Z tym "zapominaniem" to u mnie ciężko by czegoś realnie nie popsuć. Mogłabym teoretycznie napisać maila w obcym języku z paskudnymi błędami czy zatrudnić kogoś kto ewidentnie się nie nadaje, ale wtedy firma np straci klienta i tu już może się moje stanowisko posypać. Ale z wolniejszą pracą to akurat genialny pomysł. Zawsze mogę to wykorzystać na zasadzie że ledwo się wyrabiam ze swoim żeby robić jeszcze coś dodatkowego
australijska pisze: wt lip 08, 2025 10:19 pm W ogóle głupio się przyznać, ale kiedyś myślałam, że ci co pracują trochę wolniej i nie kumają niektórych rzeczy są jacyś głupsi, a teraz widzę, że wbrew przeciwnie - byli mądrzejsi ode mnie :)
Hah, +1! Też zawsze myślałam że ten co się nie stara, nie robi niczego ponad obowiązki i nie zostaje po godzinach ma wywalone na pracę. Ogromna pomyłka 😁 to byli ludzie wiedzący że nie warto dać pracodawcy powodu do oczekiwań wobec nich. podczas gdy ja byłam wykończona oni pracowali "na luzaka" zarabiając te same pieniądze.

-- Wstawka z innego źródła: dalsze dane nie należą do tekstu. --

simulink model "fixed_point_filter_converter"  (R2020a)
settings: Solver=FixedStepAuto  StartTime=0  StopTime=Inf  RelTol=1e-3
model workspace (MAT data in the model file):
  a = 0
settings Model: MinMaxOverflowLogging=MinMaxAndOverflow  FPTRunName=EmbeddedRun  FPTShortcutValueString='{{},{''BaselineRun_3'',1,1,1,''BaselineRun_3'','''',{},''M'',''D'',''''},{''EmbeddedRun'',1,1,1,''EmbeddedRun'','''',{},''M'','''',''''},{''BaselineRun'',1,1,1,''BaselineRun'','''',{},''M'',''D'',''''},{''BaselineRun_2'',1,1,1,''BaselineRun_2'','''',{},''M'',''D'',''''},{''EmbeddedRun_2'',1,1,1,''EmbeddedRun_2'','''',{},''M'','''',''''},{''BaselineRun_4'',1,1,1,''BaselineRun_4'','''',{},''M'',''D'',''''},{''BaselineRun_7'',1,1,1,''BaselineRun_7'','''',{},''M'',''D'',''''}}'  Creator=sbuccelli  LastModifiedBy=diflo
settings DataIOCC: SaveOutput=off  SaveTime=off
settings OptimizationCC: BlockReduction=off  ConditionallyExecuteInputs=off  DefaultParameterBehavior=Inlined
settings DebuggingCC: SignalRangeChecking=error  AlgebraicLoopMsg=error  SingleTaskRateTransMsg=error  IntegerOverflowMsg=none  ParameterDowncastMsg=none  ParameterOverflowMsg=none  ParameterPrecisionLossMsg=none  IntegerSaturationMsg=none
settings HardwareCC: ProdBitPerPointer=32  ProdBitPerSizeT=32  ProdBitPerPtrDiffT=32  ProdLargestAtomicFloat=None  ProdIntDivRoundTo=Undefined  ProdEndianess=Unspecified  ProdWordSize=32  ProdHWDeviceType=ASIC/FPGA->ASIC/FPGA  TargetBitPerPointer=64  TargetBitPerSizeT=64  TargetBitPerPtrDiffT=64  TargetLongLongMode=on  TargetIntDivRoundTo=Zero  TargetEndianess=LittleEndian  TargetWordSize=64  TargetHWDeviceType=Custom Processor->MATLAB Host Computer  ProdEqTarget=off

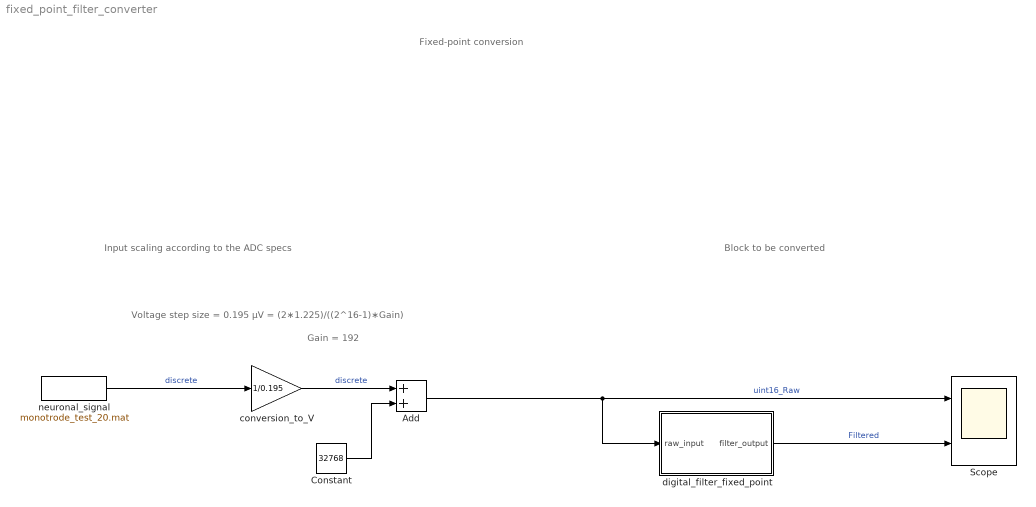
== system fixed_point_filter_converter ==
  note: Input scaling according to the ADC specs
  note: Gain = 192
  note: Voltage step size = 0.195 µV = (2∗1.225)/((2^16-1)∗Gain)
  note: Fixed-point conversion
  note: Block to be converted
  Add : Sum  OutDataTypeStr=uint16
  Constant : Constant  Value=32768  OutDataTypeStr=uint16  SampleTime=-1
  Scope : Scope  NumInputPorts=2
  conversion_to_V : Gain  Gain=1/0.195
  digital_filter_fixed_point : Subsystem
  neuronal_signal : FromFile  FileName=monotrode_test_20.mat  SampleTime=1/30000
  wires:
  neuronal_signal/1 -> conversion_to_V/1  "discrete"
  conversion_to_V/1 -> Add/1  "discrete"
  Constant/1 -> Add/2
  Add/1 -> digital_filter_fixed_point/1(raw_input), Scope/1  "uint16_Raw"
  digital_filter_fixed_point/1(filter_output) -> Scope/2  "Filtered"

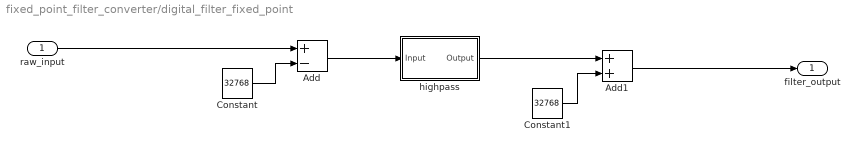
== system fixed_point_filter_converter/digital_filter_fixed_point ==
  raw_input : Inport  OutDataTypeStr=uint16  LockScale=on
  Add : Sum  Inputs=+-  AccumDataTypeStr=fixdt(1,32,14)  OutDataTypeStr=fixdt(1,32,15)  SaturateOnIntegerOverflow=on  LockScale=on
  Add1 : Sum  AccumDataTypeStr=fixdt(1,32,14)  OutDataTypeStr=uint16  SaturateOnIntegerOverflow=on  LockScale=on
  Constant : Constant  Value=32768  OutDataTypeStr=fixdt(0,16,0)  SampleTime=-1
  Constant1 : Constant  Value=32768  OutDataTypeStr=fixdt(0,16,0)  SampleTime=-1
  highpass : Subsystem  Tag=BlockMethodSubSystem
  filter_output : Outport  LockScale=on
  wires:
  Constant/1 -> Add/2
  Add/1 -> highpass/1(Input)
  Constant1/1 -> Add1/2
  highpass/1(Output) -> Add1/1
  raw_input/1 -> Add/1
  Add1/1 -> filter_output/1

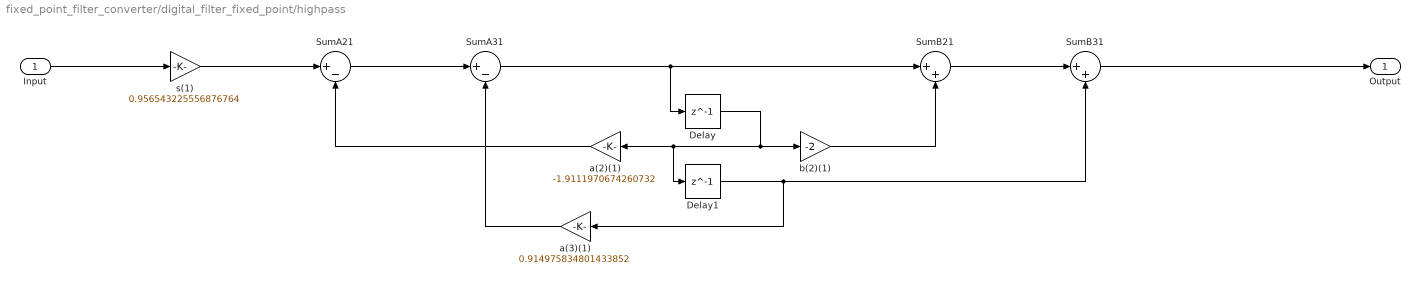
== system fixed_point_filter_converter/digital_filter_fixed_point/highpass ==
  Input : Inport  OutDataTypeStr=fixdt(1,32,15)
  Delay : Delay  DelayLength=1  InitialCondition=0
  Delay1 : Delay  DelayLength=1  InitialCondition=0
  SumA21 : Sum  Inputs=|+-  AccumDataTypeStr=fixdt(1,32,6)  OutDataTypeStr=fixdt(1,32,6)  RndMeth=Nearest  SaturateOnIntegerOverflow=on
  SumA31 : Sum  Inputs=|+-  AccumDataTypeStr=fixdt(1,32,6)  OutDataTypeStr=fixdt(1,32,7)  RndMeth=Nearest  SaturateOnIntegerOverflow=on
  SumB21 : Sum  Inputs=|++  AccumDataTypeStr=fixdt(1,32,6)  OutDataTypeStr=fixdt(1,32,7)  RndMeth=Nearest  SaturateOnIntegerOverflow=on
  SumB31 : Sum  Inputs=|++  AccumDataTypeStr=fixdt(1,32,7)  OutDataTypeStr=fixdt(1,32,15)  RndMeth=Nearest  SaturateOnIntegerOverflow=on
  a(2)(1) : Gain  Gain=-1.9111970674260732  ParamDataTypeStr=fixdt(1,32,30)  OutDataTypeStr=fixdt(1,32,6)  RndMeth=Nearest  SaturateOnIntegerOverflow=on
  a(3)(1) : Gain  Gain=0.914975834801433852  ParamDataTypeStr=fixdt(0,32,32)  OutDataTypeStr=fixdt(1,32,8)  RndMeth=Nearest  SaturateOnIntegerOverflow=on
  b(2)(1) : Gain  Gain=-2  ParamDataTypeStr=fixdt(1,32,30)  OutDataTypeStr=fixdt(1,32,6)  RndMeth=Nearest  SaturateOnIntegerOverflow=on
  s(1) : Gain  Gain=0.956543225556876764  ParamDataTypeStr=fixdt(0,32,32)  OutDataTypeStr=fixdt(1,32,16)  RndMeth=Nearest  SaturateOnIntegerOverflow=on
  Output : Outport  OutDataTypeStr=fixdt(1,32,15)
  wires:
  SumA21/1 -> SumA31/1
  SumB21/1 -> SumB31/1
  Input/1 -> s(1)/1
  a(2)(1)/1 -> SumA21/2
  s(1)/1 -> SumA21/1
  SumA31/1 -> Delay/1, SumB21/1
  b(2)(1)/1 -> SumB21/2
  SumB31/1 -> Output/1
  a(3)(1)/1 -> SumA31/2
  Delay/1 -> Delay1/1, a(2)(1)/1, b(2)(1)/1
  Delay1/1 -> a(3)(1)/1, SumB31/2

I tego się trzymałam do czasu właśnie tej chwili naiwności kiedy pomyślałam że "raz nie zaszkodzi pomóc". Zaszkodzi, zawsze, i drugi raz się nie nabiorę
Rzeka.chaosu
Currently:Vienna
Posty: 1140
Rejestracja: śr lut 26, 2025 4:56 pm

Post autor: Rzeka.chaosu »

Zerknij sobie w umowę - może masz jakieś ogólnikowe stwierdzenia typu "i inne obowiązki z zakresu x". Kiedyś myślałam, że to nielegalne, ale podobno można tak robić. :( Jeśli pod tym względem wszystko jest ok, to ja powiedziałabym wprost, że do za duży stres, nie czuję się już kompetentna, nie jest to zakres moich obowiązków / mam dużo własnych. Co innego gdyby było tak, że siedzę całe dnie i nic nie robię. Wtedy może bym pomogła. Na ogół ludzie są ok i potrafią się odwdzięczać.